Figure 10 shows the comparative ROC analysis of the EDL-MMLCC technique with other DL models. The results demonstrated that the ensemble model has resulted to an increased ROC of 98.3854 whereas the VGG-19, CapsNet, and MobileNet techniques have attained a reduced ROC of 94.4794, 95.9203, and 97.7137 respectively.
Finally, a brief comparative study of the EDL-MMLCC with existing techniques takes place in
Figure 11 [
26]. The results portrayed that the XGBoost and AlexNet techniques have resulted in lowering accuracy of 77.55% and 73.29% respectively.
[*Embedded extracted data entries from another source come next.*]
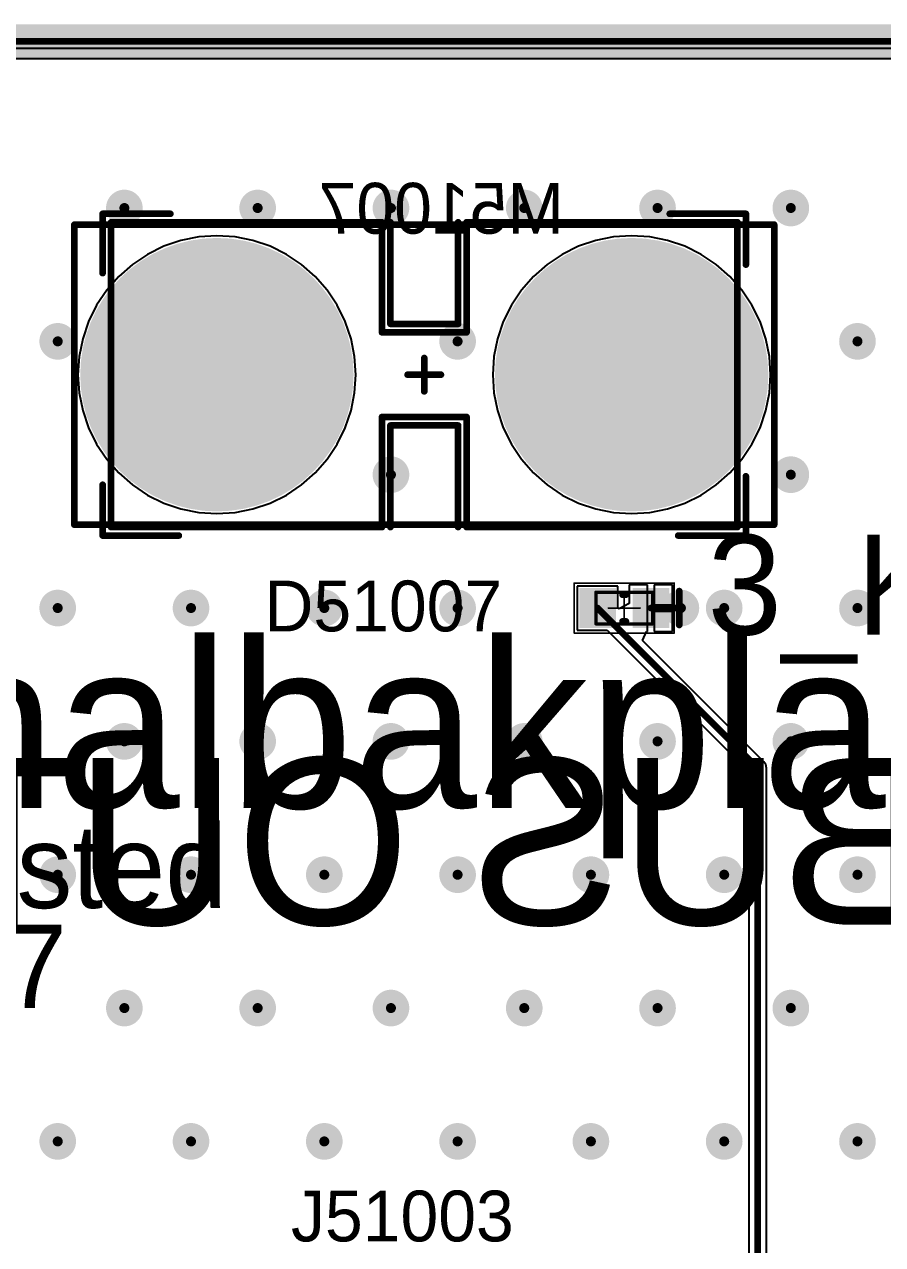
# Model space of a CAD drawing. Header units: millimetres. Extents: x 372 to 687, y 380 to 482.
# Drawn here: x 539 to 564.75, y 444.9 to 481.51 of the extents above; entities that cross this region are included whole.
import ezdxf

# ---------------------------------------------------------------- set-up
doc = ezdxf.new("R2010")
doc.units = ezdxf.units.MM
for name, color, linetype in [('BottomLayer', 5, 'Continuous'), ('BottomOverlay', 54, 'Continuous'), ('BottomSolder', 6, 'Continuous'), ('InternalPlane1', 76, 'Continuous'), ('InternalPlane2', 16, 'Continuous'), ('Mechanical1', 6, 'Continuous'), ('Mechanical13', 56, 'Continuous'), ('Mechanical15', 56, 'Continuous'), ('MultiLayer', 9, 'Continuous'), ('PadHoleLayer', 156, 'Continuous'), ('TopLayer', 1, 'Continuous'), ('TopOverlay', 2, 'Continuous'), ('TopPaste', 8, 'Continuous'), ('TopSolder', 216, 'Continuous'), ('ViaHoleLayer', 16, 'Continuous')]:
    doc.layers.add(name, color=color, linetype=linetype)

# ---------------------------------------------------------------- blocks, each defined once
blk = doc.blocks.new('I_LEDC0603_1608__N_335')
at = {"layer": 'Mechanical13', "const_width": 0.0999998}
for points in [[(-0.8499983, -0.47500032), (-0.8499983, 0.47499778)], [(-0.8499983, 0.47499778), (0.85000084, 0.47499778)], [(0.85000084, -0.47500032), (0.85000084, 0.47499778)], [(-0.8499983, -0.47500032), (0.85000084, -0.47500032)]]:
    blk.add_lwpolyline(points, dxfattribs=at)
at = {"layer": 'Mechanical13', "const_width": 0.0499999}
for points in [[(-0.8749969799999999, 0.47499778, 1), (-0.8249996199999999, 0.47499778, 1)], [(-0.8749969799999999, 0.47499778, 1), (-0.8249996199999999, 0.47499778, 1)], [(0.8250021599999999, 0.47499778, 1), (0.8749995199999999, 0.47499778, 1)], [(0.8250021599999999, 0.47499778, 1), (0.8749995199999999, 0.47499778, 1)], [(-0.8749969799999999, -0.47500032, 1), (-0.8249996199999999, -0.47500032, 1)], [(-0.8749969799999999, -0.47500032, 1), (-0.8249996199999999, -0.47500032, 1)], [(0.8250021599999999, -0.47500032, 1), (0.8749995199999999, -0.47500032, 1)], [(0.8250021599999999, -0.47500032, 1), (0.8749995199999999, -0.47500032, 1)]]:
    blk.add_lwpolyline(points, format="xyb", close=True, dxfattribs=at)
at = {"layer": 'Mechanical15', "const_width": 0.0499999}
for points in [[(-1.49999954, -0.75000104), (-1.49999954, 0.7499985)], [(-1.49999954, 0.7499985), (1.50000208, 0.7499985)], [(1.50000208, -0.75000104), (1.50000208, 0.7499985)], [(2.54e-06, -0.47500032), (2.54e-06, 0.47499778)], [(-0.47499778, 0), (0.47500286, 0)], [(-1.49999954, -0.75000104), (1.50000208, -0.75000104)]]:
    blk.add_lwpolyline(points, dxfattribs=at)
at = {"layer": 'Mechanical15', "const_width": 0.02499868}
for points in [[(-1.51249888, 0.7499985, 1), (-1.4875002, 0.7499985, 1)], [(-1.51249888, 0.7499985, 1), (-1.4875002, 0.7499985, 1)], [(1.48750274, 0.7499985, 1), (1.51250142, 0.7499985, 1)], [(1.48750274, 0.7499985, 1), (1.51250142, 0.7499985, 1)], [(-0.0124968, 0.47499778, 1), (0.01250188, 0.47499778, 1)], [(-0.48749712, 0, 1), (-0.46249844, 0, 1)], [(0.46250352, 0, 1), (0.4875022, 0, 1)], [(-1.51249888, -0.75000104, 1), (-1.4875002, -0.75000104, 1)], [(-1.51249888, -0.75000104, 1), (-1.4875002, -0.75000104, 1)], [(-0.0124968, -0.47500032, 1), (0.01250188, -0.47500032, 1)], [(1.48750274, -0.75000104, 1), (1.51250142, -0.75000104, 1)], [(1.48750274, -0.75000104, 1), (1.51250142, -0.75000104, 1)]]:
    blk.add_lwpolyline(points, format="xyb", close=True, dxfattribs=at)
at = {"layer": 'TopLayer'}
for points in [[(-0.3499993, -0.499999), (-0.3499993, 0.499999), (-1.2499975, -0.499999), (-1.2499975, 0.499999)], [(1.25000004, -0.499999), (1.25000004, 0.499999), (0.35000184, -0.499999), (0.35000184, 0.499999)]]:
    blk.add_solid(points, dxfattribs=at)
at = {"layer": 'TopOverlay', "const_width": 0.1999996}
for points in [[(-0.0499999, 0.3999992), (0.0499999, 0.3999992)], [(1.651, -0.508), (1.651, 0.508)], [(-0.0499999, -0.3999992), (0.0499999, -0.3999992)]]:
    blk.add_lwpolyline(points, dxfattribs=at)
at = {"layer": 'TopOverlay', "const_width": 0.0999998}
for points in [[(-0.0999998, 0.3999992, 1), (0, 0.3999992, 1)], [(0, 0.3999992, 1), (0.0999998, 0.3999992, 1)], [(1.6010001, 0.508, 1), (1.7009999, 0.508, 1)], [(-0.0999998, -0.3999992, 1), (0, -0.3999992, 1)], [(0, -0.3999992, 1), (0.0999998, -0.3999992, 1)], [(1.6010001, -0.508, 1), (1.7009999, -0.508, 1)]]:
    blk.add_lwpolyline(points, format="xyb", close=True, dxfattribs=at)
at = {"layer": 'TopPaste'}
for points in [[(-0.3499993, -0.499999), (-0.3499993, 0.499999), (-1.2499975, -0.499999), (-1.2499975, 0.499999)], [(1.25000004, -0.499999), (1.25000004, 0.499999), (0.35000184, -0.499999), (0.35000184, 0.499999)]]:
    blk.add_solid(points, dxfattribs=at)
at = {"layer": 'TopSolder'}
for points in [[(-0.2483993, -0.601599), (-0.2483993, 0.601599), (-1.3515975, -0.601599), (-1.3515975, 0.601599)], [(1.35160004, -0.601599), (1.35160004, 0.601599), (0.24840184, -0.601599), (0.24840184, 0.601599)]]:
    blk.add_solid(points, dxfattribs=at)
blk = doc.blocks.new('C___H_____900X1900X84000_394')
at = {"layer": 'BottomLayer', "const_width": 3.99999962}
for points in [[(-1.99999854, 6.223, 1), (1.99999854, 6.223, 1)], [(-1.99999854, -6.223, 1), (1.99999854, -6.223, 1)]]:
    blk.add_lwpolyline(points, format="xyb", close=True, dxfattribs=at)
at = {"layer": 'BottomSolder', "const_width": 4.10159962}
for points in [[(-2.05079854, 6.223, 1), (2.05079854, 6.223, 1)], [(-2.05079854, -6.223, 1), (2.05079854, -6.223, 1)]]:
    blk.add_lwpolyline(points, format="xyb", close=True, dxfattribs=at)
at = {"layer": 'InternalPlane1', "const_width": 1.99999854}
for points in [[(-1.00000054, 6.223, 1), (1.00000054, 6.223, 1)], [(-1.00000054, -6.223, 1), (1.00000054, -6.223, 1)]]:
    blk.add_lwpolyline(points, format="xyb", close=True, dxfattribs=at)
at = {"layer": 'InternalPlane2', "const_width": 1.99999854}
for points in [[(-1.00000054, 6.223, 1), (1.00000054, 6.223, 1)], [(-1.00000054, -6.223, 1), (1.00000054, -6.223, 1)]]:
    blk.add_lwpolyline(points, format="xyb", close=True, dxfattribs=at)
at = {"layer": 'Mechanical13', "const_width": 0.1999996}
for points in [[(-4.572, 9.398), (-4.57215748, 9.398)], [(-4.57215748, 1.27), (-4.57215748, 9.398)], [(4.572, 9.398), (-4.572, 9.398)], [(4.57199492, 1.26984506), (4.57199492, 9.39799746)], [(-1.27, 1.27), (-4.57215748, 1.27)], [(-1.27, -1.27000762), (-1.27, 1.27)], [(1.27, -1.27), (1.27, 1.26984506)], [(4.57199492, 1.26984506), (1.27, 1.26984506)], [(-1.27, -1.27000762), (-4.572, -1.27000762)], [(-4.572, -9.398), (-4.572, -1.27000762)], [(4.57199492, -1.27), (1.27, -1.27)], [(4.57199492, -9.398), (4.57199492, -1.27)], [(4.572, -9.398), (-4.572, -9.398)], [(4.572, -9.398), (4.57199492, -9.398)]]:
    blk.add_lwpolyline(points, dxfattribs=at)
at = {"layer": 'Mechanical13', "const_width": 0.0999998}
for points in [[(-4.62215738, 9.398, 1), (-4.52215758, 9.398, 1)], [(-4.62215738, 9.398, 1), (-4.52215758, 9.398, 1)], [(-4.6219999, 9.398, 1), (-4.5220001, 9.398, 1)], [(-4.6219999, 9.398, 1), (-4.5220001, 9.398, 1)], [(4.521995019999999, 9.39799746, 1), (4.621994819999999, 9.39799746, 1)], [(4.5220001, 9.398, 1), (4.6219999, 9.398, 1)], [(-4.62215738, 1.27, 1), (-4.52215758, 1.27, 1)], [(-4.62215738, 1.27, 1), (-4.52215758, 1.27, 1)], [(-1.3199999, 1.27, 1), (-1.2200001, 1.27, 1)], [(-1.3199999, 1.27, 1), (-1.2200001, 1.27, 1)], [(1.2200001, 1.26984506, 1), (1.3199999, 1.26984506, 1)], [(1.2200001, 1.26984506, 1), (1.3199999, 1.26984506, 1)], [(4.521995019999999, 1.26984506, 1), (4.621994819999999, 1.26984506, 1)], [(4.521995019999999, 1.26984506, 1), (4.621994819999999, 1.26984506, 1)], [(-4.6219999, -1.27000762, 1), (-4.5220001, -1.27000762, 1)], [(-4.6219999, -1.27000762, 1), (-4.5220001, -1.27000762, 1)], [(-1.3199999, -1.27000762, 1), (-1.2200001, -1.27000762, 1)], [(-1.3199999, -1.27000762, 1), (-1.2200001, -1.27000762, 1)], [(1.2200001, -1.27, 1), (1.3199999, -1.27, 1)], [(1.2200001, -1.27, 1), (1.3199999, -1.27, 1)], [(4.521995019999999, -1.27, 1), (4.621994819999999, -1.27, 1)], [(4.521995019999999, -1.27, 1), (4.621994819999999, -1.27, 1)], [(-4.6219999, -9.398, 1), (-4.5220001, -9.398, 1)], [(-4.6219999, -9.398, 1), (-4.5220001, -9.398, 1)], [(4.521995019999999, -9.398, 1), (4.621994819999999, -9.398, 1)], [(4.521995019999999, -9.398, 1), (4.621994819999999, -9.398, 1)], [(4.5220001, -9.398, 1), (4.6219999, -9.398, 1)], [(4.5220001, -9.398, 1), (4.6219999, -9.398, 1)]]:
    blk.add_lwpolyline(points, format="xyb", close=True, dxfattribs=at)
at = {"layer": 'Mechanical15', "const_width": 0.1999996}
for points in [[(-4.50000116, -10.49999932), (-4.50000116, 10.49999932)], [(4.50000116, 10.49999932), (-4.50000116, 10.49999932)], [(4.50000116, -10.49999932), (4.50000116, 10.49999932)], [(0, -0.499999), (0, 0.499999)], [(0.499999, 0), (-0.499999, 0)], [(4.50000116, -10.49999932), (-4.50000116, -10.49999932)]]:
    blk.add_lwpolyline(points, dxfattribs=at)
at = {"layer": 'Mechanical15', "const_width": 0.0999998}
for points in [[(-4.55000106, 10.49999932, 1), (-4.45000126, 10.49999932, 1)], [(-4.55000106, 10.49999932, 1), (-4.45000126, 10.49999932, 1)], [(4.45000126, 10.49999932, 1), (4.55000106, 10.49999932, 1)], [(4.45000126, 10.49999932, 1), (4.55000106, 10.49999932, 1)], [(-0.0499999, 0.499999, 1), (0.0499999, 0.499999, 1)], [(-0.5499989, 0, 1), (-0.4499991, 0, 1)], [(0.4499991, 0, 1), (0.5499989, 0, 1)], [(-0.0499999, -0.499999, 1), (0.0499999, -0.499999, 1)], [(-4.55000106, -10.49999932, 1), (-4.45000126, -10.49999932, 1)], [(-4.55000106, -10.49999932, 1), (-4.45000126, -10.49999932, 1)], [(4.45000126, -10.49999932, 1), (4.55000106, -10.49999932, 1)], [(4.45000126, -10.49999932, 1), (4.55000106, -10.49999932, 1)]]:
    blk.add_lwpolyline(points, format="xyb", close=True, dxfattribs=at)
at = {"layer": 'MultiLayer', "const_width": 3.99999962}
for points in [[(-1.99999854, 6.223, 1), (1.99999854, 6.223, 1)], [(-1.99999854, -6.223, 1), (1.99999854, -6.223, 1)]]:
    blk.add_lwpolyline(points, format="xyb", close=True, dxfattribs=at)
at = {"layer": 'PadHoleLayer', "const_width": 1.59999934}
for points in [[(-0.80000094, 6.223, 1), (0.80000094, 6.223, 1)], [(-0.80000094, -6.223, 1), (0.80000094, -6.223, 1)]]:
    blk.add_lwpolyline(points, format="xyb", close=True, dxfattribs=at)
at = {"layer": 'TopLayer', "const_width": 3.99999962}
for points in [[(-1.99999854, 6.223, 1), (1.99999854, 6.223, 1)], [(-1.99999854, -6.223, 1), (1.99999854, -6.223, 1)]]:
    blk.add_lwpolyline(points, format="xyb", close=True, dxfattribs=at)
at = {"layer": 'TopOverlay', "const_width": 0.1999996}
for points in [[(-3.302, 9.652), (-4.826, 9.652)], [(-4.826, 7.366), (-4.826, 9.652)], [(4.826, 9.652), (3.048, 9.652)], [(4.826, 7.619999999999999), (4.826, 9.652)], [(-1.524, 1.016), (-4.572, 1.016)], [(-1.524, -1.016), (-1.524, 1.016)], [(1.524, -1.016), (1.524, 1.016)], [(4.572, 1.016), (1.524, 1.016)], [(-1.524, -1.016), (-4.572, -1.016)], [(4.572, -1.016), (1.524, -1.016)], [(4.826, -9.652), (4.826, -7.366)], [(-4.826, -9.652), (-4.826, -7.619999999999999)], [(-3.048, -9.652), (-4.826, -9.652)], [(4.826, -9.652), (3.302, -9.652)]]:
    blk.add_lwpolyline(points, dxfattribs=at)
at = {"layer": 'TopOverlay', "const_width": 0.0999998}
for points in [[(-4.8759999, 9.652, 1), (-4.7760001, 9.652, 1)], [(-4.8759999, 9.652, 1), (-4.7760001, 9.652, 1)], [(-3.3519999, 9.652, 1), (-3.2520001, 9.652, 1)], [(2.9980001, 9.652, 1), (3.0979999, 9.652, 1)], [(4.7760001, 9.652, 1), (4.8759999, 9.652, 1)], [(4.7760001, 9.652, 1), (4.8759999, 9.652, 1)], [(4.7760001, 7.619999999999999, 1), (4.8759999, 7.619999999999999, 1)], [(-4.8759999, 7.366, 1), (-4.7760001, 7.366, 1)], [(-4.6219999, 1.016, 1), (-4.5220001, 1.016, 1)], [(-1.5739999, 1.016, 1), (-1.4740001, 1.016, 1)], [(-1.5739999, 1.016, 1), (-1.4740001, 1.016, 1)], [(1.4740001, 1.016, 1), (1.5739999, 1.016, 1)], [(1.4740001, 1.016, 1), (1.5739999, 1.016, 1)], [(4.5220001, 1.016, 1), (4.6219999, 1.016, 1)], [(-4.6219999, -1.016, 1), (-4.5220001, -1.016, 1)], [(-1.5739999, -1.016, 1), (-1.4740001, -1.016, 1)], [(-1.5739999, -1.016, 1), (-1.4740001, -1.016, 1)], [(1.4740001, -1.016, 1), (1.5739999, -1.016, 1)], [(1.4740001, -1.016, 1), (1.5739999, -1.016, 1)], [(4.5220001, -1.016, 1), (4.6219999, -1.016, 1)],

In addition, the ResNet and DenseNet models have obtained slightly improved outcomes with the accuracy of 79.13% and 79.55%, respectively. Eventually, the DeepLab and FCN techniques have accomplished near-optimal outcomes with an accuracy of 80.48%. Though the ensemble model has resulted in a competitive accuracy of 82%, the proposed EDL-MMLCC technique has accomplished superior performance with an accuracy of 92.90%. By looking into the above mentioned tables and figures, it can be evident that the EDL-MMLCC manner has resulted in an effective land cover classification tool using remote sensing images.